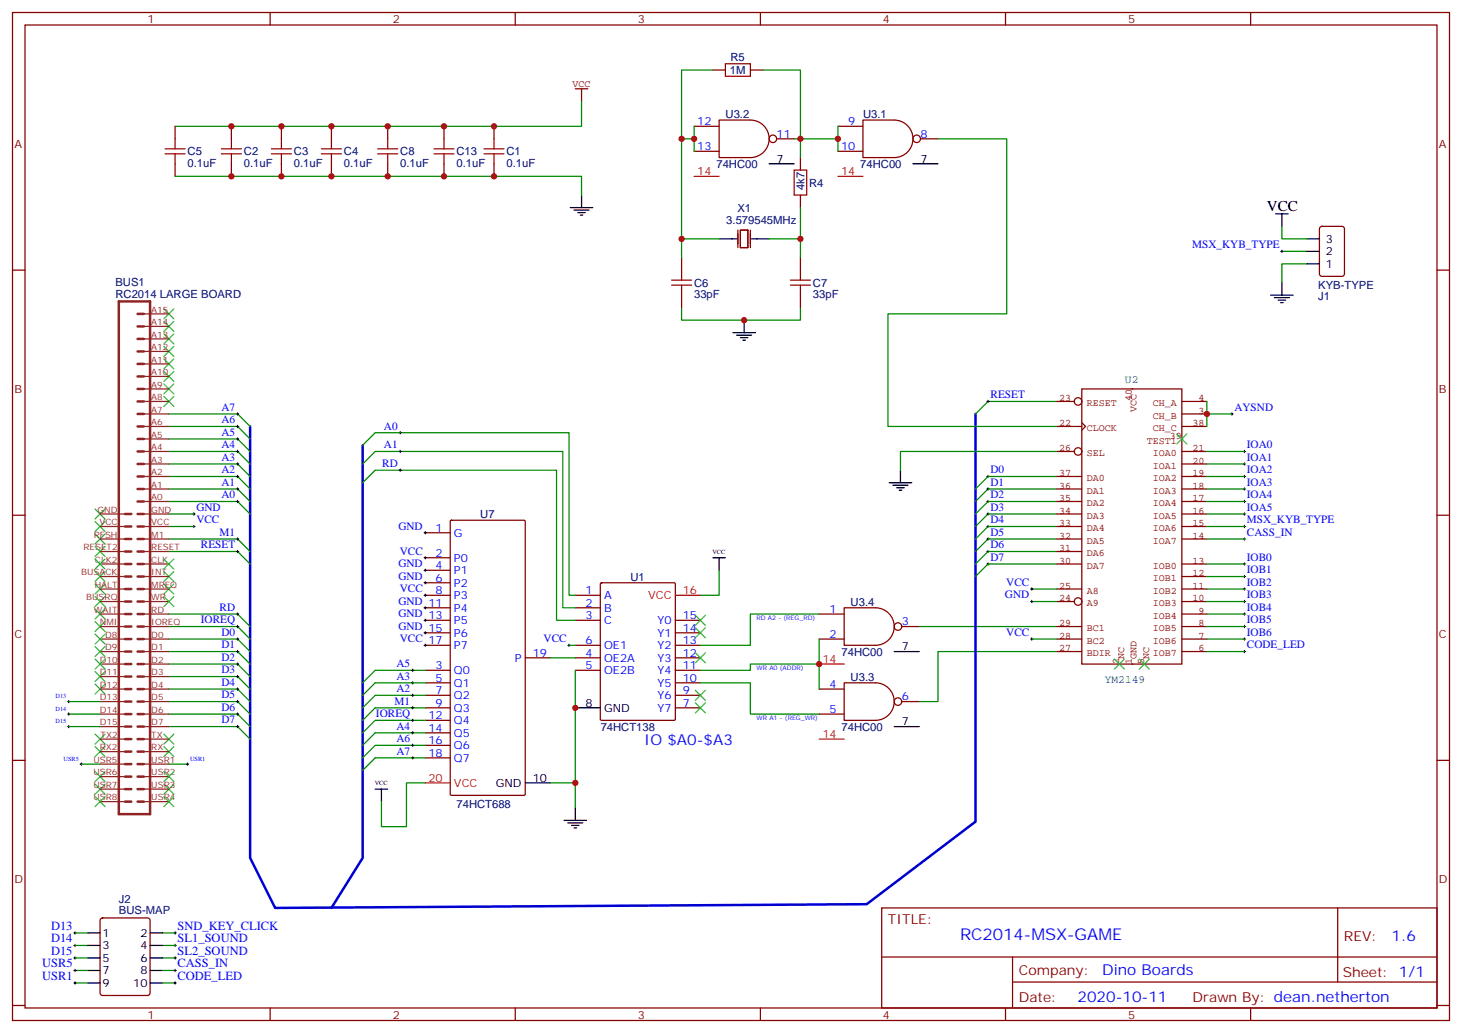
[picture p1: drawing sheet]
<svg xmlns="http://www.w3.org/2000/svg" width="412mm" height="292mm" viewBox="0 0 412 292" stroke-linecap="round" stroke-linejoin="round" font-family="sans-serif">
<g fill="none" stroke="#870000" stroke-width=".35">
<path d="M3.5 3.5h405.4v284.4h-405.4zM7.1 7.1h398.2v277.2h-398.2zM76.2 3.5v3.6M145.3 3.5v3.6M214.5 3.5v3.6M283.6 3.5v3.6M352.8 3.5v3.6M3.5 76.2h3.6M405.3 76.2h3.6M3.5 145.3h3.6M405.3 145.3h3.6M162.3 167.9h7"/>
<path d="M162.3 171.4h7M162.3 175h7M169.4 164.6l.3-.2h20.4l.4 .2v38.2l-.2 .4h-20.6l-.3-.2zM190.5 175h7.1M190.5 178.5h7.1M231.1 173.2h7M238.1 171.4h8.8a5.3 5.3 0 0 1 5.3 5.3 5.3 5.3 0 0 1-5.3 5.3h-8.8zM254.4 176.7h4.9M162.3 185.6h7M162.3 189.1h7M162.3 182h7M190.5 185.6h7.1"/>
<path d="M190.5 189.1h7.1M190.5 182h7.1M190.5 199.7h7.1M190.5 196.1h7.1M190.5 192.6h7.1M231.1 194.4h7M231.1 180.3h7M238.1 192.6h8.8a5.3 5.3 0 0 1 5.3 5.3 5.3 5.3 0 0 1-5.3 5.3h-8.8zM254.4 197.9h4.9M3.5 214.5h3.6M231.1 201.4h7M405.3 214.5h3.6"/>
<path d="M248.7 256.1h156.6v28.2h-156.6zM377.3 256.1v20.9M248.7 270h156.5M285.6 277h119.6M285.6 270v14.1M3.5 283.6h3.6M76.2 284.3v3.6M145.3 284.3v3.6M214.5 284.3v3.6M283.6 284.3v3.6M352.8 284.3v3.6M405.3 283.6h3.6"/>
<circle cx="253.3" cy="176.7" r="1.06"/>
<circle cx="253.3" cy="197.9" r="1.06"/>
</g>
<path d="M201.1 157.3h3.5M202.8 157.3v3.6M162.3 199.7h7M252.2 183.8h7.1M252.2 205h7.1" fill="none" stroke="#000" stroke-width=".35"/>
<path d="M190.5 167.9h7.1M231.1 187.3h7M231.1 208.5h7" fill="none" stroke="#f00" stroke-width=".35"/>
<g fill="none" stroke="#008700" stroke-width=".35">
<path d="M47.6 116.8h19.4l3.6 3.5M298.1 113.2h-19.4l-3.5 3.6M47.6 137.9h19.4l3.6 3.6M47.6 120.3h19.4l3.6 3.5M47.6 123.8h19.4l3.6 3.6M47.6 127.4h19.4l3.6 3.5M47.6 130.9h19.4l3.6 3.5M47.6 134.4h19.4l3.6 3.5M102.3 130.9l3.5-3.5h52.9v44h3.6M102.3 136.2l3.5-3.6h51.2v42.4h5.3M105.8 122.1l-3.5 3.5M112.9 122.1h47.6v45.8h1.8"/>
<path d="M298.1 134.4h-19.4l-3.5 3.5M298.1 137.9h-19.4l-3.5 3.6M47.6 141.5h19.4l3.6 3.5M47.6 145h7.1M47.6 148.5h7.1M47.6 155.6h19.4l3.6 3.5M298.1 141.5h-19.4l-3.5 3.5M298.1 145h-19.4l-3.5 3.5M298.1 148.5h-19.4l-3.5 3.5M298.1 152h-19.4l-3.5 3.6M298.1 155.6h-19.4l-3.5 3.5M298.1 159.1h-19.4l-3.5 3.5"/>
<path d="M47.6 176.7h19.4l3.6 3.6M47.6 173.2h19.4l3.6 3.5M202.8 160.9v7h-5.2M231.1 173.2h-19.4v8.8h-14.1M259.3 176.7h38.8M47.6 180.3h19.4l3.6 3.5M47.6 183.8h19.4l3.6 3.5M47.6 187.3h19.4l3.6 3.6M47.6 190.9h19.4l3.6 3.5M47.6 194.4h19.4l3.6 3.5M47.6 197.9h19.4l3.6 3.5M116.4 199.7h-10.6l-3.5 3.5"/>
<path d="M116.4 196.1h-10.6l-3.5 3.6M116.4 192.6h-10.6l-3.5 3.5M162.3 189.1v31.7M197.6 192.6h14.1v8.8h19.4M231.1 180.3v7h-19.4v1.8h-14.1M231.1 187.3v7.1M298.1 183.8h-33.5v14.1h-5.3M47.6 201.4h19.4l3.6 3.6M47.6 205h19.4l3.6 3.5M116.4 203.2h-10.6l-3.5 3.5M116.4 206.7h-10.6l-3.5 3.6M116.4 210.3h-10.6l-3.5 3.5"/>
<path d="M116.4 213.8h-10.6l-3.5 3.5"/>
</g>
<g fill="none" stroke="#3c3" stroke-width=".35">
<path d="M46.2 97.7l2.8 2.8M46.2 94.2l2.8 2.8M46.2 90.7l2.8 2.8M46.2 87.1l2.8 2.9M49 97.7l-2.8 2.8M49 94.2l-2.8 2.8M49 90.7l-2.8 2.8M49 87.1l-2.8 2.9M46.2 111.8l2.8 2.9M46.2 108.3l2.8 2.8M46.2 104.8l2.8 2.8M46.2 101.2l2.8 2.9"/>
<path d="M49 111.8l-2.8 2.9M49 108.3l-2.8 2.8M49 104.8l-2.8 2.8M49 101.2l-2.8 2.9M46.2 164.7l2.8 2.9M46.2 161.2l2.8 2.8M49 164.7l-2.8 2.9M49 161.2l-2.8 2.8M196.1 177.1l2.9 2.8M196.1 173.6l2.9 2.8M199 177.1l-2.9 2.8M199 173.6l-2.9 2.8"/>
<path d="M196.1 198.3l2.9 2.8M196.1 194.7l2.9 2.9M196.1 184.1l2.9 2.9M199 198.3l-2.9 2.8M199 194.7l-2.9 2.9M199 184.1l-2.9 2.9M46.2 210.6l2.8 2.8M46.2 207.1l2.8 2.8M49 210.6l-2.8 2.8M49 207.1l-2.8 2.8M46.2 221.2l2.8 2.8M49 221.2l-2.8 2.8"/>
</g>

──────────────────────────────

■ **Work required**: Considering each line of the material above, count those with the word "circle" and give only the number.

■ **Task solution**: 2